8. Local Authorities – Children’s Services & Housing 


Why: Care leavers 41% NEET at 19-21. Housing tenancy failures linked to worklessness.


Benefit: NEAT gate at 17.5 as part of Pathway Plan. Must-pass before independent tenancy sign-off. Red = staying put + support. Prevents eviction, homelessness and £35k/year TA costs.


9. Private Sector Employers – High-Churn Sectors 


Why: Retail, hospitality, logistics, care: 40-60% quit in 90 days. £3k-£5k cost per hire.


Benefit: Employers adopt NEAT as pre-interview filter or Day 1 requirement. Reduces churn, cuts agency spend, improves productivity. Candidates bring portable NEAT Worklessness – like DBS or CSCS.


10. Prime Contractors – Major Infrastructure Projects 


Why: HS2, Hinkley and Freeports have “local labour” clauses. Social value targets are missed due to unreadiness.
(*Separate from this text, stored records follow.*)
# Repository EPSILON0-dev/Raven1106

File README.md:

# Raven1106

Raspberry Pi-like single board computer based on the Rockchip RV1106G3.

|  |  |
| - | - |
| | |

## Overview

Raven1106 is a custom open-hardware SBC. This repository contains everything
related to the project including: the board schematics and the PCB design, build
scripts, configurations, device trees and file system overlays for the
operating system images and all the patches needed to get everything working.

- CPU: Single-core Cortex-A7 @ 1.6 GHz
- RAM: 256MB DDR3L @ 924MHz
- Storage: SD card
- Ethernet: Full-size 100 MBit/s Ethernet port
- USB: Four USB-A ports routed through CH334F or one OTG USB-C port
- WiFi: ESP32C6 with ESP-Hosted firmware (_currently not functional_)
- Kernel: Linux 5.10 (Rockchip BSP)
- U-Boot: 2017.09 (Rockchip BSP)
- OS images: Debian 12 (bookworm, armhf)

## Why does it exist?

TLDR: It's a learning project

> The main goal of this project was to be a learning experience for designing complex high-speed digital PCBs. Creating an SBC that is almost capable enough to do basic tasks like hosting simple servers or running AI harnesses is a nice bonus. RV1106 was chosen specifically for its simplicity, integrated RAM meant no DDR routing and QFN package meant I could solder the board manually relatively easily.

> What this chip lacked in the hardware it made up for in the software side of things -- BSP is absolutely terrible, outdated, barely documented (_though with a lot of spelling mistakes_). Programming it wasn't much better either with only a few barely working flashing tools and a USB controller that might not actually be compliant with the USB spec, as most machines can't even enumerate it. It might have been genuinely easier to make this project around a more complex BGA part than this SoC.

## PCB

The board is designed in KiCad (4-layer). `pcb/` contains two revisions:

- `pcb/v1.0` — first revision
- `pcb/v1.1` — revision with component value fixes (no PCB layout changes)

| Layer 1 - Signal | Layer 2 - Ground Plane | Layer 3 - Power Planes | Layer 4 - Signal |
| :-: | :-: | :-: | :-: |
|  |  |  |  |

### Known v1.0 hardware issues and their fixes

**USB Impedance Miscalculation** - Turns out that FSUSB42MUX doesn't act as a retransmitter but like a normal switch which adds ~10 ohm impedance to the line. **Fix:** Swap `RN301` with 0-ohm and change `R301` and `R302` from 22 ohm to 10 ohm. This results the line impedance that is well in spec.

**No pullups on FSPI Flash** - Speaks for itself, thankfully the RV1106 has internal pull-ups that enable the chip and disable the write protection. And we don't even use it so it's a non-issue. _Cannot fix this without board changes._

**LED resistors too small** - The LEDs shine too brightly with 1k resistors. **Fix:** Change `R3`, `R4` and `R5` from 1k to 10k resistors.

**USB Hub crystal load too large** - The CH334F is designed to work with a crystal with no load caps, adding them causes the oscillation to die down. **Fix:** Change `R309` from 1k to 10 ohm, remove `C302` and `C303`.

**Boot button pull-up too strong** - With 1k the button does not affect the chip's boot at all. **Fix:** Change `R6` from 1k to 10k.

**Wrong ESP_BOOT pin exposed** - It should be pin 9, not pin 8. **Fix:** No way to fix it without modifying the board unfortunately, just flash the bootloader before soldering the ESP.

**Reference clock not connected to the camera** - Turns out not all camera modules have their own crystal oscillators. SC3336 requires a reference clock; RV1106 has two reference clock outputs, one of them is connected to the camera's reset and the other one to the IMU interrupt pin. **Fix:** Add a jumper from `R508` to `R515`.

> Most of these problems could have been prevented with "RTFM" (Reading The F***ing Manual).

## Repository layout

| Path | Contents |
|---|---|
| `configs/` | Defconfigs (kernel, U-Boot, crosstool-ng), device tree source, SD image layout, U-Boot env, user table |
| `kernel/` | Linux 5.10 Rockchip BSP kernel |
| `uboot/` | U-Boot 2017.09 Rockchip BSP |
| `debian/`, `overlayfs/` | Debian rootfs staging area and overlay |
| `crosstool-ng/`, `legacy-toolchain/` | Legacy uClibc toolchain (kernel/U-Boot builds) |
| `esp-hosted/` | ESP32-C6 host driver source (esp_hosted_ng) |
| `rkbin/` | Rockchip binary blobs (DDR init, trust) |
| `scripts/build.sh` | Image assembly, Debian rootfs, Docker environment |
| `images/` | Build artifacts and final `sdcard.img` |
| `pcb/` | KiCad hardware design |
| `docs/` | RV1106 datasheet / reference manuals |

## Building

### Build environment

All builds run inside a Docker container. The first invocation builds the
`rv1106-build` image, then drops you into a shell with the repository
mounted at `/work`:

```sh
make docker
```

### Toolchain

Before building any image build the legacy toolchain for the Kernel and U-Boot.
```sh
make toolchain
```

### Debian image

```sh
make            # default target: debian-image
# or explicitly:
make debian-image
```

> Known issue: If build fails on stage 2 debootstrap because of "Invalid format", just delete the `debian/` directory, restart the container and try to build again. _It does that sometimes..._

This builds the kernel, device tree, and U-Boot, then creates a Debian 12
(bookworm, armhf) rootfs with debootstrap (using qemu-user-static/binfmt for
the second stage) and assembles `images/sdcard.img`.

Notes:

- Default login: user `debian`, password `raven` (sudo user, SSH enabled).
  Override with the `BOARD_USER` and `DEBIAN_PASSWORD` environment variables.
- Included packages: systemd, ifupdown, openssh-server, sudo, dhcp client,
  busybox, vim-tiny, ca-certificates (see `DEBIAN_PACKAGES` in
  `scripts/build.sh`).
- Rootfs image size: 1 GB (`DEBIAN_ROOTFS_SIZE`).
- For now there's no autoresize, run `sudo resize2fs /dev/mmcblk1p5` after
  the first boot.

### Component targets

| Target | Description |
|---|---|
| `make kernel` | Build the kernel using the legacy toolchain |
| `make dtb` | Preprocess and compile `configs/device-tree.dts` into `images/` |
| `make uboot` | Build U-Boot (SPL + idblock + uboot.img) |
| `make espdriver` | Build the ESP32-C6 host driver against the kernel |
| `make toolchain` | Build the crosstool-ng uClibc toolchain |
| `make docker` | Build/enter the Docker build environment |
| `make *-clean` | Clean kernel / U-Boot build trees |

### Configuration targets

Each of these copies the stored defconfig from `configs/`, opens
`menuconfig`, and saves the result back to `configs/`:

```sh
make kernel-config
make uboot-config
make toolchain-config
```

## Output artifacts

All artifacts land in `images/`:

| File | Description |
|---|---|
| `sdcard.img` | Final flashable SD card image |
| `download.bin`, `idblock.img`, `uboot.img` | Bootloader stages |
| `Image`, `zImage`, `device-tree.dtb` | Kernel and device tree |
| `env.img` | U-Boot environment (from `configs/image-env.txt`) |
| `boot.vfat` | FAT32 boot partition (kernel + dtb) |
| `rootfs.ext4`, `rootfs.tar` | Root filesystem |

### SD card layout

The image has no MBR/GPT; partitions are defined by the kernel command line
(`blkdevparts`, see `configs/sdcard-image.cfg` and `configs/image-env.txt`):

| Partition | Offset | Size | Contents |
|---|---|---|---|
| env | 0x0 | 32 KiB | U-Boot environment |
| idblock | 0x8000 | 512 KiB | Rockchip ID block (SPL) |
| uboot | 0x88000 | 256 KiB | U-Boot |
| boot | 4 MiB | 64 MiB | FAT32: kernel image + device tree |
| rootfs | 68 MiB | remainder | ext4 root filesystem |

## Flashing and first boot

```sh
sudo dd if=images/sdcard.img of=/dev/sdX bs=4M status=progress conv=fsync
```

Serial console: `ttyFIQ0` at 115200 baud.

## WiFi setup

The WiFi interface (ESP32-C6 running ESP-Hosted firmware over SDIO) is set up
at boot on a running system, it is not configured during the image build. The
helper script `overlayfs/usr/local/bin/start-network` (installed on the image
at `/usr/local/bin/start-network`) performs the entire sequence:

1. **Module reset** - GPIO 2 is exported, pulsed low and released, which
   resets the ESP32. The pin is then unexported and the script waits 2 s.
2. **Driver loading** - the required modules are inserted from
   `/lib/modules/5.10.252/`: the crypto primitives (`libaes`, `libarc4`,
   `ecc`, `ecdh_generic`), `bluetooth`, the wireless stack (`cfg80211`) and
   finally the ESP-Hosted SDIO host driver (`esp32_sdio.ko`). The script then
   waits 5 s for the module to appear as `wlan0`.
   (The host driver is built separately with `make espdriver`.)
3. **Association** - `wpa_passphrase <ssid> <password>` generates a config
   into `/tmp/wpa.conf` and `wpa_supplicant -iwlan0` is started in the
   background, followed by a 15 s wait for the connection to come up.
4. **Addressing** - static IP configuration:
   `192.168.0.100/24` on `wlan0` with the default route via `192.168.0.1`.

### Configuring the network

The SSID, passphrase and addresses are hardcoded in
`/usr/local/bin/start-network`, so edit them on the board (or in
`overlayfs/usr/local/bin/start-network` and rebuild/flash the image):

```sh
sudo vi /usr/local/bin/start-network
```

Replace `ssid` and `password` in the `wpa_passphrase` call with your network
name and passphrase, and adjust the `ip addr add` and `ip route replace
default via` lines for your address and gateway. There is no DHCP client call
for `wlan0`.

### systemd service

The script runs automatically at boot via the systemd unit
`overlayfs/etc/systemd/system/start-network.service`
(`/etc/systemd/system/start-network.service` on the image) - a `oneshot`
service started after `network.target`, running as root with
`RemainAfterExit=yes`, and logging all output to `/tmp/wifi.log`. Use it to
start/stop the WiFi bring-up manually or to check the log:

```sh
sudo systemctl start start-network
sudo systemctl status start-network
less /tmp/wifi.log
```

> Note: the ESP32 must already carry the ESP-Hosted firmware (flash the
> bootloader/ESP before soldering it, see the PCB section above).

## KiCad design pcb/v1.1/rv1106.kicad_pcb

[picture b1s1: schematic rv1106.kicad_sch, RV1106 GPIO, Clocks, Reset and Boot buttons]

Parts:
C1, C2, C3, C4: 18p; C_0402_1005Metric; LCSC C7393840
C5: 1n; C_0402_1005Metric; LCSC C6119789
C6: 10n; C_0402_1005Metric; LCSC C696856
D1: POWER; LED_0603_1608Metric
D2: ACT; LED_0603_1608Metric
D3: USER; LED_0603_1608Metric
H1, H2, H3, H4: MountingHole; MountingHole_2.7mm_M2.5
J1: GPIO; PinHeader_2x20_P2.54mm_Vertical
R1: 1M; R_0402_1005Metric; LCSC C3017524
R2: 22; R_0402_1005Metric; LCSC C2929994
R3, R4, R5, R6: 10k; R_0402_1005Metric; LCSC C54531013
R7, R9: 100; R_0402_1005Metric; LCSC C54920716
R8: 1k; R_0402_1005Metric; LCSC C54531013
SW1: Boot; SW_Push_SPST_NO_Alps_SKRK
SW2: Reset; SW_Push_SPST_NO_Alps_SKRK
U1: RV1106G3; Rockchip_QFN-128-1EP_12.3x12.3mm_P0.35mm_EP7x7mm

Benefit: NEAT is a universal pre-site standard. Funded by contractors and mandated by contract. De-risks S106 obligations. Stops local recruitment from becoming local PR disaster.

Purpose


The WorkSkills Initiative Examination provides a universal readiness standard across education, employment, health, housing, and infrastructure sectors. It identifies barriers early, supports intervention, and certifies individuals as ready for work, training, or independent living.


The Challenge


    • High NEET rates (Not in Education, Employment, or Training) among young people and care leavers.
    • Fragmented readiness checks across agencies lead to duplication and missed support. 
    • Employers and contractors face high churn and social value compliance risks.

The NEAT Solution


NEAT introduces a standardised 60‑minute assessment that measures practical, emotional, and situational readiness. It acts as a gateway before key transitions:


Sector

NEAT Gate

Benefit

Schools & Colleges

Pre‑16 readiness

Early identification and support

DWP / Jobcentre

Referral gate

Targeted interventions before placement

NHS & ICS

Health‑linked gate

Aligns wellbeing with employability

Local Authorities

Housing gate

Prevents tenancy failure and homelessness

Employers

Day‑1 gate

Reduces churn and recruitment cost

Prime Contractors

Site gate

Certifies local labour readiness

How It Works


  1. Assessment – 60‑minute structured test covering motivation, stability, and work habits.
  2. Traffic‑Light Outcome – Red (Needs Support), Amber (Partial Readiness), Green (Ready).
  3. Portable Kitemark – Individuals carry NEAT certification like DBS or CSCS.
  4. Data Integration – Results can feed into local authority, DWP, and employer systems.